Exercise aim:
Using the data that follows, give again word for word the lines between the one holding "line L6 (0, -109.5)" and the one holding "line L13 (-25.2352, 40.556)", inclusive. Omit the pictures.

─── Data for the task

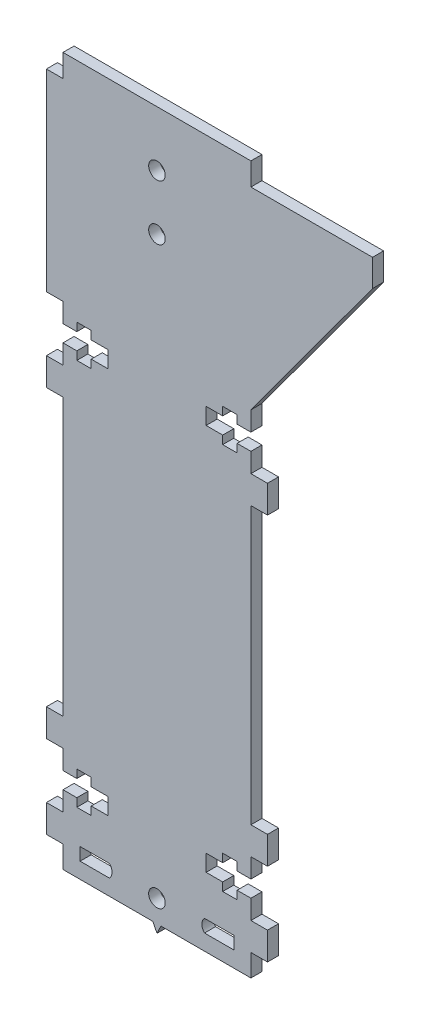
SolidWorks part; units mm, degrees
ref_plane "前视基准面" through (0, 0, 0) normal (0, 0, 1) x (1, 0, 0)
ref_plane "上视基准面" through (0, 0, 0) normal (0, 1, 0) x (1, 0, 0)
ref_plane "右视基准面" through (0, 0, 0) normal (1, 0, 0) x (0, 0, -1)
sketch "草图1" plane through (0, 0, 0) normal (0, 0, 1) x (1, 0, 0)
  line L25 (16.9939, -34) -> (16.9939, -84)
  line L26 (13.9, -105.15) -> (8.6, -105.15)
  line L27 (13.9, -102.85) -> (13.9, -105.15)
  line L34 (13.9, -102.85) -> (8.6, -102.85)
  line L35 (16.9939, 15.9) -> (16.9939, 20)
  line L36 (38.9939, 15.9) -> (16.9939, 15.9)
  line L37 (38.9939, 11) -> (38.9939, 15.9)
  line L40 (19.9939, -34) -> (16.9939, -34)
  line L41 (19.9939, -29) -> (16.9939, -29)
  line L42 (19.9939, -34) -> (19.9939, -29)
  line L47 (16.9939, -22.5) -> (16.9939, -19)
  line L64 (0, -108) -> (0, -109.5)
  line L77 (-13.9, -102.85) -> (-8.6, -102.85)
  line L78 (-13.9, -102.85) -> (-13.9, -105.15)
  line L79 (-13.9, -105.15) -> (-8.6, -105.15)
  line L94 (0, -109.5) -> (0.7212, -108)
  line L95 (0.7212, -108) -> (16.9939, -108)
  line L96 (-0.7212, -108) -> (-16.9939, -108)
  line L97 (0, -109.5) -> (-0.7212, -108)
  line L118 (16.9939, -19) -> (38.9939, 11)
  line L124 (16.9939, -25.5) -> (16.9939, -29)
  line L126 (14.4939, -25.5) -> (16.9939, -25.5)
  line L127 (14.4939, -21) -> (11.8939, -21)
  line L128 (11.8939, -21) -> (11.8939, -22.5)
  line L129 (11.8939, -22.5) -> (8.8939, -22.5)
  line L130 (11.8939, -25.5) -> (8.8939, -25.5)
  line L131 (11.8939, -27) -> (11.8939, -25.5)
  line L132 (14.4939, -27) -> (11.8939, -27)
  line L133 (16.9939, -22.5) -> (14.4939, -22.5)
  line L134 (14.4939, -22.5) -> (14.4939, -21)
  line L135 (8.8939, -22.5) -> (8.8939, -25.5)
  line L136 (14.4939, -25.5) -> (14.4939, -27)
  line L138 (-19.9939, -104) -> (-19.9939, -99)
  line L139 (-19.9939, -99) -> (-16.9939, -99)
  line L140 (-19.9939, -104) -> (-16.9939, -104)
  line L141 (-14.4939, -95.5) -> (-14.4939, -97)
  line L142 (-8.8939, -92.5) -> (-8.8939, -95.5)
  line L143 (-14.4939, -92.5) -> (-14.4939, -91)
  line L144 (-16.9939, -92.5) -> (-14.4939, -92.5)
  line L145 (-14.4939, -97) -> (-11.8939, -97)
  line L146 (-11.8939, -97) -> (-11.8939, -95.5)
  line L147 (-11.8939, -95.5) -> (-8.8939, -95.5)
  line L148 (-11.8939, -92.5) -> (-8.8939, -92.5)
  line L149 (-11.8939, -91) -> (-11.8939, -92.5)
  line L150 (-14.4939, -91) -> (-11.8939, -91)
  line L151 (-14.4939, -95.5) -> (-16.9939, -95.5)
  line L152 (-16.9939, -89) -> (-16.9939, -92.5)
  line L153 (-16.9939, -95.5) -> (-16.9939, -99)
  line L154 (-16.9939, -89) -> (-19.9939, -89)
  line L155 (-19.9939, -89) -> (-19.9939, -84)
  line L156 (-19.9939, -84) -> (-16.9939, -84)
  line L158 (-16.9939, -104) -> (-16.9939, -108)
  line L159 (19.9939, -84) -> (19.9939, -89)
  line L160 (19.9939, -89) -> (16.9939, -89)
  line L161 (19.9939, -84) -> (16.9939, -84)
  line L162 (14.4939, -92.5) -> (14.4939, -91)
  line L163 (8.8939, -95.5) -> (8.8939, -92.5)
  line L164 (14.4939, -95.5) -> (14.4939, -97)
  line L165 (16.9939, -95.5) -> (14.4939, -95.5)
  line L166 (14.4939, -91) -> (11.8939, -91)
  line L167 (11.8939, -91) -> (11.8939, -92.5)
  line L168 (11.8939, -92.5) -> (8.8939, -92.5)
  line L169 (11.8939, -95.5) -> (8.8939, -95.5)
  line L170 (11.8939, -97) -> (11.8939, -95.5)
  line L171 (14.4939, -97) -> (11.8939, -97)
  line L172 (14.4939, -92.5) -> (16.9939, -92.5)
  line L173 (16.9939, -99) -> (16.9939, -95.5)
  line L174 (16.9939, -92.5) -> (16.9939, -89)
  line L175 (16.9939, -99) -> (19.9939, -99)
  line L176 (19.9939, -99) -> (19.9939, -104)
  line L177 (19.9939, -104) -> (16.9939, -104)
  line L178 (16.9939, -104) -> (16.9939, -108)
  line L179 (-14.4939, -25.5) -> (-14.4939, -27)
  line L180 (-8.8939, -22.5) -> (-8.8939, -25.5)
  line L181 (-14.4939, -22.5) -> (-14.4939, -21)
  line L182 (-16.9939, -22.5) -> (-14.4939, -22.5)
  line L183 (-14.4939, -27) -> (-11.8939, -27)
  line L184 (-11.8939, -27) -> (-11.8939, -25.5)
  line L185 (-11.8939, -25.5) -> (-8.8939, -25.5)
  line L186 (-11.8939, -22.5) -> (-8.8939, -22.5)
  line L187 (-11.8939, -21) -> (-11.8939, -22.5)
  line L188 (-14.4939, -21) -> (-11.8939, -21)
  line L189 (-14.4939, -25.5) -> (-16.9939, -25.5)
  line L190 (-16.9939, -25.5) -> (-16.9939, -29)
  line L191 (-16.9939, -22.5) -> (-16.9939, -19)
  line L192 (-19.9939, -34) -> (-19.9939, -29)
  line L193 (-19.9939, -29) -> (-16.9939, -29)
  line L194 (-19.9939, -34) -> (-16.9939, -34)
  line L195 (-16.9939, -34) -> (-16.9939, -84)
  line L199 (-19.9939, -19) -> (-16.9939, -19)
  line L200 (-16.9939, 15.9) -> (-16.9939, 20)
  line L201 (-16.9939, 20) -> (16.9939, 20)
  line L202 (-16.9939, 15.9) -> (-19.9939, 15.9)
  line L203 (-19.9939, 15.9) -> (-19.9939, -19)
  circle A4 centre (0, -104) radius 1.5
  circle A6 centre (0, 0) radius 1.5
  circle A7 centre (0, 10) radius 1.5
  arc A8 (-8.6, -102.85) -> (-8.6, -105.15) centre (-9.75, -104) cw
  arc A9 (8.6, -102.85) -> (8.6, -105.15) centre (9.75, -104) ccw
extrude "凸台-拉伸1" add sketch "草图1" along normal blind 2
sketch "草图4" plane through (16.9939, 0, 0) normal (1, 0, 0) x (0, 0, -1)
  line L0 (-2, -108) -> (-2, -109.5)
  line L1 (-2, -109.5) -> (-1, -109.5)
  line L2 (-2, -109.5) -> (0, -109.5) construction
  line L3 (-1, -109.5) -> (-2, -108)
  line L4 (-1, -109.5) -> (0, -108)
  line L5 (0, -108) -> (0, -109.5)
  line L6 (0, -109.5) -> (0, -108) construction
  line L7 (0, -109.5) -> (-1, -109.5)
extrude "切除-拉伸1" [suppressed] cut sketch "草图4" against normal blind 20 contours L1 L3 L0 | L7 L5 L4
sketch "草图5" plane through (16.9939, 0, 0) normal (1, 0, 0) x (0, 0, -1)
  line L0 (-1, -92.5) -> (-1, -95.5)
  line L1 (-2, -92.5) -> (0, -92.5) construction
  line L2 (-2, -95.5) -> (0, -95.5) construction
  circle A0 centre (-1, -94) radius 1.5
sketch "草图6" plane through (-16.9939, 0, 0) normal (-1, 0, 0) x (0, 0, 1)
  line L0 (1, -92.5) -> (1, -95.5)
  line L1 (2, -92.5) -> (0, -92.5) construction
  line L2 (2, -95.5) -> (0, -95.5) construction
  circle A0 centre (1, -94) radius 1.5
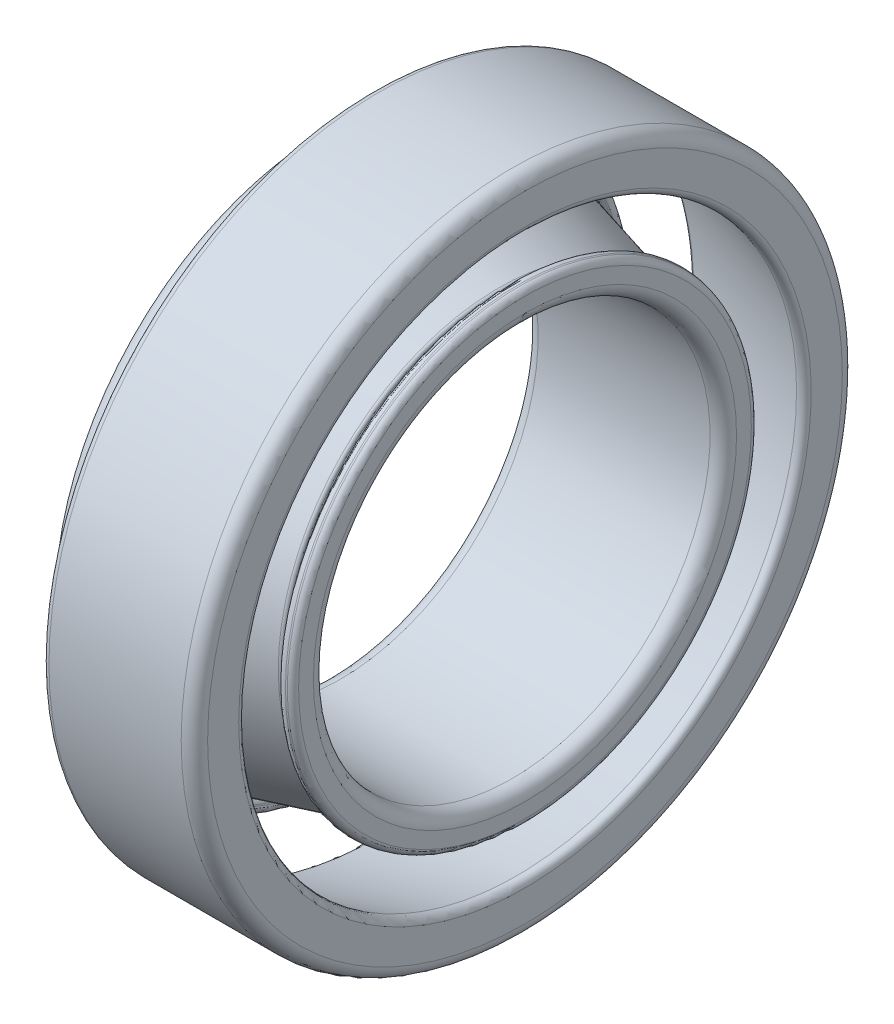
SolidWorks part; units mm, degrees
ref_plane "Front Plane" through (0, 0, 0) normal (0, 0, 1) x (1, 0, 0)
ref_plane "Top Plane" through (0, 0, 0) normal (0, 1, 0) x (1, 0, 0)
ref_plane "Right Plane" through (0, 0, 0) normal (1, 0, 0) x (0, 0, -1)
sketch "Sketch1" plane through (0, 0, 0) normal (0, 0, 1) x (1, 0, 0)
  line L0 (0, 0) -> (105.028, 0) construction
  line L1 (0, 48) -> (0, 43.2987)
  line L2 (-1.2522, 42.3311) -> (-22.2522, 47.8051)
  line L3 (-23, 49) -> (-23, 48.7727)
  line L4 (-22, 50) -> (-2, 50)
  line L5 (-11.7522, 45.0681) -> (-32.0851, -32.935) construction
  line L6 (-24.2703, 38.651) -> (-3.9596, 33.3567)
  line L7 (-2.2344, 34.3685) -> (-2.1876, 34.5483)
  line L8 (-0.9677, 35.2637) -> (-0.7478, 35.2064)
  line L9 (0, 34.2387) -> (0, 32)
  line L10 (-2, 30) -> (-28, 30)
  line L11 (-30, 32) -> (-30, 40.2433)
  line L12 (-27.4955, 42.1786) -> (-25.9506, 41.7759)
  line L13 (-25.2352, 40.556) -> (-25.2821, 40.3762)
  arc A0 (0, 48) -> (-2, 50) centre (-2, 48) ccw
  arc A1 (-23, 48.7727) -> (-22.2522, 47.8051) centre (-22, 48.7727) ccw
  arc A2 (0, 43.2987) -> (-1.2522, 42.3311) centre (-1, 43.2987) cw
  arc A3 (-23, 49) -> (-22, 50) centre (-22, 49) cw
  arc A4 (-25.7235, 40.0042) -> (-24.8106, 38.4474) centre (-25.6388, 39.0078) ccw
  arc A5 (-3.5876, 32.9153) -> (-2.0308, 33.8282) centre (-2.5912, 33) ccw
  arc A6 (0, 32) -> (-2, 30) centre (-2, 32) cw
  arc A7 (-28, 30) -> (-30, 32) centre (-28, 32) cw
  arc A8 (-30, 40.2433) -> (-27.4955, 42.1786) centre (-28, 40.2433) cw
  arc A9 (-0.7478, 35.2064) -> (0, 34.2387) centre (-1, 34.2387) cw
  arc A10 (-2.1876, 34.5483) -> (-0.9677, 35.2637) centre (-1.2199, 34.296) cw
  arc A11 (-25.9506, 41.7759) -> (-25.2352, 40.556) centre (-26.2029, 40.8083) cw
  arc A12 (-2.0308, 33.8282) -> (-2.2344, 34.3685) centre (-1.7506, 34.2424) cw
  arc A13 (-3.5876, 32.9153) -> (-3.9596, 33.3567) centre (-4.0858, 32.8729) ccw
  arc A14 (-24.8106, 38.4474) -> (-24.2703, 38.651) centre (-24.3964, 38.1672) cw
  arc A15 (-25.7235, 40.0042) -> (-25.2821, 40.3762) centre (-25.7659, 40.5024) ccw
  point P9 (-23.5, 0)
  point P10 (0, 0)
  point P13 (0, 50)
  point P16 (-23, 50)
  point P21 (-23, 48)
  point P31 (-14.115, 36.0039)
  point P35 (-23, 50)
  point P38 (0, 30)
  point P41 (-30, 30)
  point P46 (0, 35.0115)
  point P49 (-1.9353, 35.5159)
  point P54 (-2.3389, 33.9677)
  dimension "D5" = 2
  dimension "D6" = 1
  dimension "D9" = 2
  dimension "D10" = 2
  dimension "D15" = 1
  dimension "D16" = 1
  dimension "D17" = 2
  dimension "D18" = 1
  dimension "D19" = 0.5
  dimension "D1" = 23
  dimension "D2" = 50
  dimension "D3" = 23.5
  dimension "D4" = 48
  dimension "D7" = 1.6
  dimension "D8" = 2
  dimension "D11" = 30
  dimension "D12" = 30
  dimension "D13" = 30
  dimension "D14" = 33
revolve "Revolve1" add sketch "Sketch1" angle 360 about L0

──────

Reply:
  line L6 (0, -109.5) -> (0, -108) construction
  line L7 (0, -109.5) -> (-1, -109.5)
extrude "切除-拉伸1" [suppressed] cut sketch "草图4" against normal blind 20 contours L1 L3 L0 | L7 L5 L4
sketch "草图5" plane through (16.9939, 0, 0) normal (1, 0, 0) x (0, 0, -1)
  line L0 (-1, -92.5) -> (-1, -95.5)
  line L1 (-2, -92.5) -> (0, -92.5) construction
  line L2 (-2, -95.5) -> (0, -95.5) construction
  circle A0 centre (-1, -94) radius 1.5
sketch "草图6" plane through (-16.9939, 0, 0) normal (-1, 0, 0) x (0, 0, 1)
  line L0 (1, -92.5) -> (1, -95.5)
  line L1 (2, -92.5) -> (0, -92.5) construction
  line L2 (2, -95.5) -> (0, -95.5) construction
  circle A0 centre (1, -94) radius 1.5
SolidWorks part; units mm, degrees
ref_plane "Front Plane" through (0, 0, 0) normal (0, 0, 1) x (1, 0, 0)
ref_plane "Top Plane" through (0, 0, 0) normal (0, 1, 0) x (1, 0, 0)
ref_plane "Right Plane" through (0, 0, 0) normal (1, 0, 0) x (0, 0, -1)
sketch "Sketch1" plane through (0, 0, 0) normal (0, 0, 1) x (1, 0, 0)
  line L0 (0, 0) -> (105.028, 0) construction
  line L1 (0, 48) -> (0, 43.2987)
  line L2 (-1.2522, 42.3311) -> (-22.2522, 47.8051)
  line L3 (-23, 49) -> (-23, 48.7727)
  line L4 (-22, 50) -> (-2, 50)
  line L5 (-11.7522, 45.0681) -> (-32.0851, -32.935) construction
  line L6 (-24.2703, 38.651) -> (-3.9596, 33.3567)
  line L7 (-2.2344, 34.3685) -> (-2.1876, 34.5483)
  line L8 (-0.9677, 35.2637) -> (-0.7478, 35.2064)
  line L9 (0, 34.2387) -> (0, 32)
  line L10 (-2, 30) -> (-28, 30)
  line L11 (-30, 32) -> (-30, 40.2433)
  line L12 (-27.4955, 42.1786) -> (-25.9506, 41.7759)
  line L13 (-25.2352, 40.556) -> (-25.2821, 40.3762)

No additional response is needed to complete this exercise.